» TASK PROMPT:
Search the listing below, and show each line that includes the word "ezdxf".

» ENTRIES PROVIDED:

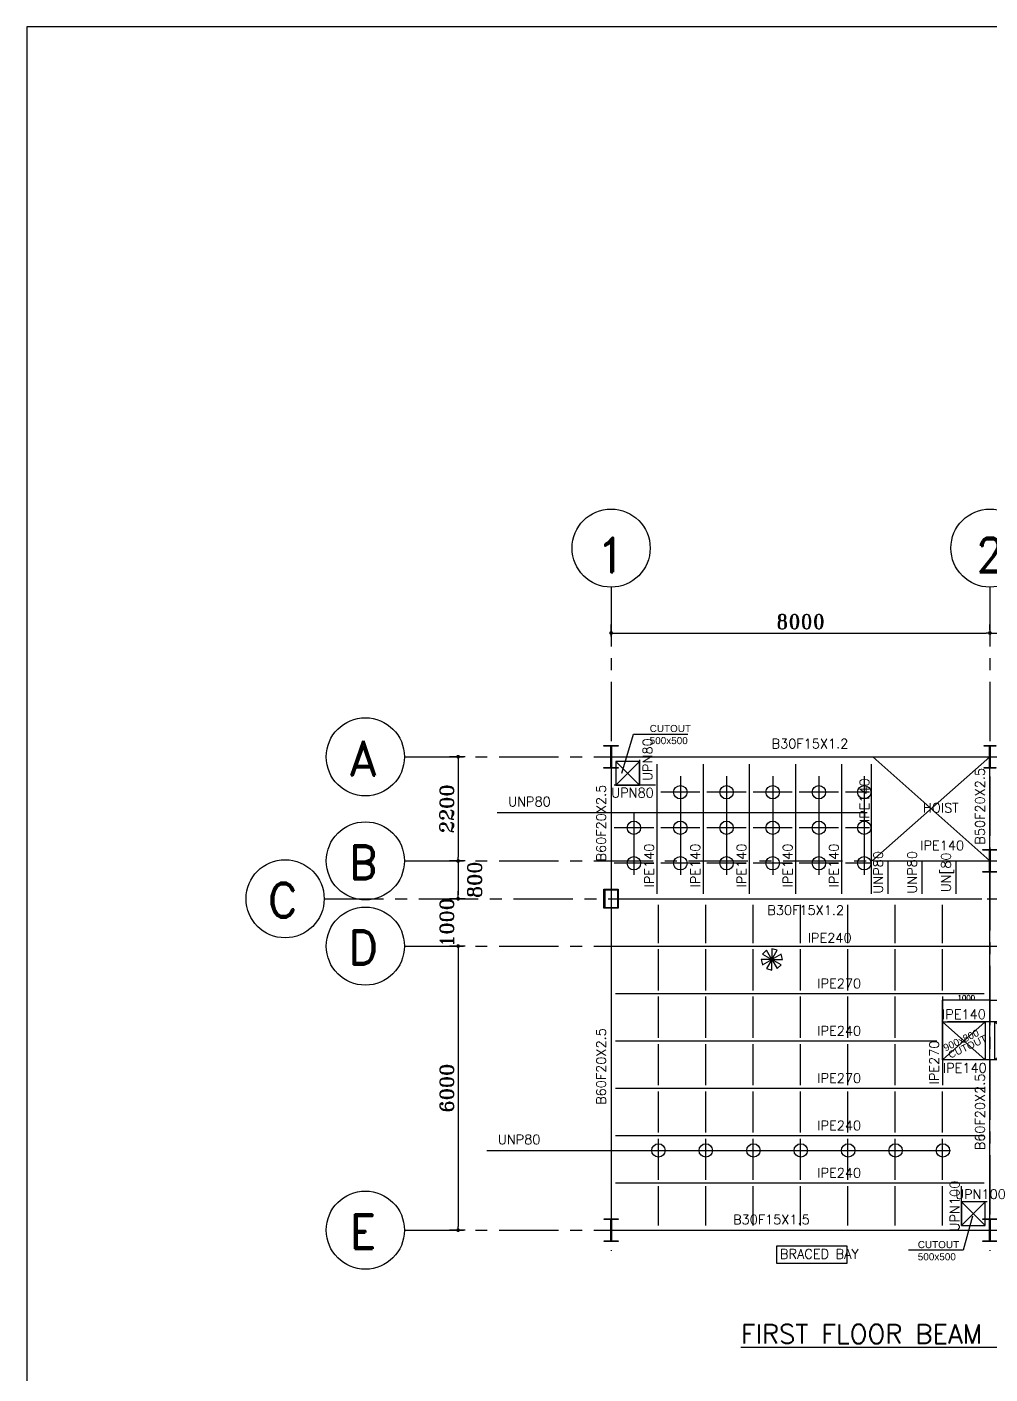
# Model space of a CAD drawing. Header units: inches. Extents: x 1387 to 2676, y -3554 to -2136.
# Drawn here: x 2491.36 to 2511.7, y -2505.43 to -2476.97 of the extents above; entities that cross this region are included whole.
import ezdxf
from ezdxf.enums import TextEntityAlignment as Align

# ---------------------------------------------------------------- set-up
doc = ezdxf.new("R2010")
doc.units = ezdxf.units.IN
doc.header["$MEASUREMENT"] = 0
for name, pattern in [('CENTER', [2, 1.25, -0.25, 0.25, -0.25]), ('DASHDOTX2', [2, 1, -0.5, 0, -0.5]), ('HIDDEN', [0.375, 0.25, -0.125])]:
    doc.linetypes.add(name, pattern=pattern)
for name, color, linetype in [('1', 1, 'Continuous'), ('3', 3, 'HIDDEN'), ('3G', 3, 'Continuous'), ('A-TEXT', 7, 'Continuous'), ('AA-IPE300', 27, 'Continuous'), ('AA_CUT OUT', 250, 'Continuous'), ('Ax', 1, 'DASHDOTX2'), ('AXE', 1, 'CENTER'), ('DIM', 8, 'Continuous'), ('MEMBER TEXT', 7, 'Continuous'), ('Pich', 2, 'Continuous'), ('UPN100', 1, 'Continuous'), ('wall', 4, 'Continuous')]:
    doc.layers.add(name, color=color, linetype=linetype)
doc.styles.add('ROMAND', font='ROMAND.shx')
doc.styles.add('ROMANS', font='ROMANS')
doc.styles.add('ROMANT', font='romant')
doc.styles.get("Standard").update_dxf_attribs({"font": 'arial.ttf'})
doc.dimstyles.new('1-100', dxfattribs={"dimtxt": 0.3, "dimasz": 0.08, "dimexe": 0.18, "dimexo": 0.0625, "dimgap": 0.09, "dimtad": 1, "dimdec": 0, "dimlfac": 1000, "dimdsep": 46, "dimtxsty": 'ROMANT', "dimblk": 'DOT', "dimcen": 0.09, "dimclrd": 1, "dimclre": 1, "dimclrt": 3, "dimadec": 0, "dimazin": 0, "dimtfac": 1, "dimtdec": 0, "dimtix": 1, "dimtofl": 0, "dimtmove": 2, "dimatfit": 3, "dimldrblk": 'DOT', "dimfxl": 1, "dimtolj": 1, "dimarcsym": 0})
doc.dimstyles.new('Copy of 1-100', dxfattribs={"dimtxt": 0.2, "dimasz": 0.08, "dimexe": 0.18, "dimexo": 0.0625, "dimgap": 0.09, "dimtad": 1, "dimdec": 0, "dimlfac": 1000, "dimdsep": 46, "dimtxsty": 'ROMANT', "dimblk": 'DOT', "dimcen": 0.09, "dimclrd": 1, "dimclre": 1, "dimclrt": 3, "dimadec": 0, "dimazin": 0, "dimtfac": 1, "dimtdec": 0, "dimtix": 1, "dimtofl": 0, "dimtmove": 2, "dimatfit": 3, "dimldrblk": 'DOT', "dimfxl": 1, "dimtolj": 1, "dimarcsym": 0})
doc.dimstyles.get("Standard").update_dxf_attribs({"dimtxt": 0.25, "dimasz": 0.18, "dimexe": 0.18, "dimexo": 0.0625, "dimgap": 0.09, "dimtad": 0, "dimdec": 0, "dimlfac": 100, "dimzin": 0, "dimdsep": 46, "dimtxsty": 'Standard', "dimcen": 0.09, "dimadec": 0, "dimazin": 0, "dimtfac": 1, "dimtdec": 0, "dimtofl": 0, "dimtmove": 0, "dimatfit": 3, "dimfxl": 1, "dimtolj": 1, "dimtzin": 0, "dimarcsym": 0})

# ---------------------------------------------------------------- blocks, each defined once
blk = doc.blocks.new('DOT')
at = {"layer": 'DIM', "color": 0, "linetype": 'ByBlock'}
blk.add_line((-0.5, 0), (-1, 0), dxfattribs=at)
at = {"layer": 'DIM', "color": 0, "linetype": 'ByBlock', "const_width": 0.5}
blk.add_lwpolyline([(-0.25, 0, 1), (0.25, 0, 1)], format="xyb", close=True, dxfattribs=at)
blk = doc.blocks.new('*D2521')
at = {"color": 1, "lineweight": -2, "transparency": 16777216}
for p, q in [((-7000, 4400), (-6360, 4400)), ((-6361, 4400), (-6361, 3600)), ((-7000, 3600), (-6360, 3600))]:
    blk.add_line(p, q, dxfattribs=at)
at = {"layer": 'Defpoints', "color": 0, "transparency": 16777216}
for p in [(-7000, 4400), (-7000, 3600), (-6361, 3600)]:
    blk.add_point(p, dxfattribs=at)
at = {"color": 1, "lineweight": -2, "transparency": 16777216, "xscale": 0.08, "yscale": 0.08, "zscale": 0.08}
for p, rotation in [((-6361, 4400), 90), ((-6361, 3600), 270)]:
    blk.add_blockref('DOT', p, dxfattribs=dict(at, rotation=rotation))
at = {"color": 3, "transparency": 16777216, "insert": (-6416, 4000), "char_height": 110, "attachment_point": 5, "rotation": 90, "style": 'ROMANT'}
blk.add_mtext('\\A1;800', dxfattribs=at)
blk = doc.blocks.new('_Dot')
at = {"layer": 'DIM', "color": 0, "lineweight": -2}
blk.add_line((-0.5, 0), (-1, 0), dxfattribs=at)
at = {"layer": 'DIM', "color": 0, "const_width": 0.5}
blk.add_lwpolyline([(-0.25, 0, 1), (0.25, 0, 1)], format="xyb", close=True, dxfattribs=at)
blk = doc.blocks.new('*D2522')
at = {"color": 1, "lineweight": -2, "transparency": 16777216}
for p, q in [((-7000, 6000), (-6360, 6000)), ((-6361, 4400), (-6361, 6000)), ((-7000, 4400), (-6360, 4400))]:
    blk.add_line(p, q, dxfattribs=at)
at = {"layer": 'Defpoints', "color": 0, "transparency": 16777216}
for p in [(-7000, 6000), (-6361, 6000), (-7000, 4400)]:
    blk.add_point(p, dxfattribs=at)
at = {"color": 1, "lineweight": -2, "transparency": 16777216, "xscale": 0.08, "yscale": 0.08, "zscale": 0.08}
for p, rotation in [((-6361, 6000), 90), ((-6361, 4400), 270)]:
    blk.add_blockref('DOT', p, dxfattribs=dict(at, rotation=rotation))
at = {"color": 3, "transparency": 16777216, "insert": (-6416, 5200), "char_height": 110, "attachment_point": 5, "rotation": 90, "style": 'ROMANT'}
blk.add_mtext('\\A1;1600', dxfattribs=at)
blk = doc.blocks.new('*D2523')
at = {"color": 1, "lineweight": -2, "transparency": 16777216}
for p, q in [((-8000, 4400), (-8000, 4855)), ((-8000, 4855), (-7000, 4855)), ((-7000, 4400), (-7000, 4855))]:
    blk.add_line(p, q, dxfattribs=at)
at = {"layer": 'Defpoints', "color": 0, "transparency": 16777216}
for p in [(-7000, 4855), (-8000, 4400), (-7000, 4400)]:
    blk.add_point(p, dxfattribs=at)
at = {"color": 1, "lineweight": -2, "transparency": 16777216, "xscale": 0.08, "yscale": 0.08, "zscale": 0.08, "rotation": 180}
blk.add_blockref('DOT', (-8000, 4855), dxfattribs=at)
at = {"color": 1, "lineweight": -2, "transparency": 16777216, "xscale": 0.08, "yscale": 0.08, "zscale": 0.08}
blk.add_blockref('DOT', (-7000, 4855), dxfattribs=at)
at = {"color": 3, "transparency": 16777216, "insert": (-7500, 4910), "char_height": 110, "attachment_point": 5, "style": 'ROMANT'}
blk.add_mtext('\\A1;1000', dxfattribs=at)
blk = doc.blocks.new('*D2524')
at = {"color": 1, "lineweight": -2, "transparency": 16777216}
for p, q in [((-9000, 4400), (-9000, 4855)), ((-8000, 4855), (-9000, 4855)), ((-8000, 4400), (-8000, 4855))]:
    blk.add_line(p, q, dxfattribs=at)
at = {"layer": 'Defpoints', "color": 0, "transparency": 16777216}
for p in [(-9000, 4855), (-9000, 4400), (-8000, 4400)]:
    blk.add_point(p, dxfattribs=at)
at = {"color": 1, "lineweight": -2, "transparency": 16777216, "xscale": 0.08, "yscale": 0.08, "zscale": 0.08, "rotation": 180}
blk.add_blockref('DOT', (-9000, 4855), dxfattribs=at)
at = {"color": 1, "lineweight": -2, "transparency": 16777216, "xscale": 0.08, "yscale": 0.08, "zscale": 0.08}
blk.add_blockref('DOT', (-8000, 4855), dxfattribs=at)
at = {"color": 3, "transparency": 16777216, "insert": (-8500, 4910), "char_height": 110, "attachment_point": 5, "style": 'ROMANT'}
blk.add_mtext('\\A1;1000', dxfattribs=at)
blk = doc.blocks.new('*D2033')
at = {"layer": 'Defpoints', "color": 0, "transparency": 16777216}
for p in [(2500.673, -2492.386), (2500.464, -2494.586), (2500.673, -2494.586)]:
    blk.add_point(p, dxfattribs=at)
at = {"layer": 'wall', "color": 1, "lineweight": -2, "transparency": 16777216}
for p, q in [((2500.61, -2492.386), (2500.284, -2492.386)), ((2500.464, -2492.466), (2500.464, -2494.506)), ((2500.61, -2494.586), (2500.284, -2494.586))]:
    blk.add_line(p, q, dxfattribs=at)
at = {"layer": 'wall', "color": 1, "lineweight": -2, "transparency": 16777216, "xscale": 0.08, "yscale": 0.08, "zscale": 0.08}
for p, rotation in [((2500.464, -2492.386), 89.999316665766), ((2500.464, -2494.586), 269.9993166657659)]:
    blk.add_blockref('DOT', p, dxfattribs=dict(at, rotation=rotation))
at = {"layer": 'wall', "color": 3, "transparency": 16777216, "insert": (2500.224, -2493.486), "char_height": 0.3, "attachment_point": 5, "rotation": 89.9993, "style": 'ROMANT'}
blk.add_mtext('\\A1;2200', dxfattribs=at)
blk = doc.blocks.new('*D2039')
at = {"layer": 'Defpoints', "color": 0, "transparency": 16777216}
for p in [(2511.694, -2489.772), (2511.694, -2489.772), (2503.694, -2489.905)]:
    blk.add_point(p, dxfattribs=at)
at = {"layer": 'wall', "color": 1, "lineweight": -2, "transparency": 16777216}
for p, q in [((2503.694, -2489.843), (2503.694, -2489.592)), ((2503.774, -2489.772), (2511.614, -2489.772)), ((2511.694, -2489.709), (2511.694, -2489.592))]:
    blk.add_line(p, q, dxfattribs=at)
at = {"layer": 'wall', "color": 1, "lineweight": -2, "transparency": 16777216, "xscale": 0.08, "yscale": 0.08, "zscale": 0.08, "rotation": 180}
blk.add_blockref('DOT', (2503.694, -2489.772), dxfattribs=at)
at = {"layer": 'wall', "color": 1, "lineweight": -2, "transparency": 16777216, "xscale": 0.08, "yscale": 0.08, "zscale": 0.08}
blk.add_blockref('DOT', (2511.694, -2489.772), dxfattribs=at)
at = {"layer": 'wall', "color": 3, "transparency": 16777216, "insert": (2507.694, -2489.532), "char_height": 0.3, "attachment_point": 5, "style": 'ROMANT'}
blk.add_mtext('\\A1;8000', dxfattribs=at)
blk = doc.blocks.new('*D2034')
at = {"layer": 'Defpoints', "color": 0, "transparency": 16777216}
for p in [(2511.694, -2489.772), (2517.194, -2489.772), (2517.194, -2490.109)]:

» FINISHED EXERCISE:
import ezdxf
from ezdxf.enums import TextEntityAlignment as Align
doc = ezdxf.new("R2010")
doc.units = ezdxf.units.IN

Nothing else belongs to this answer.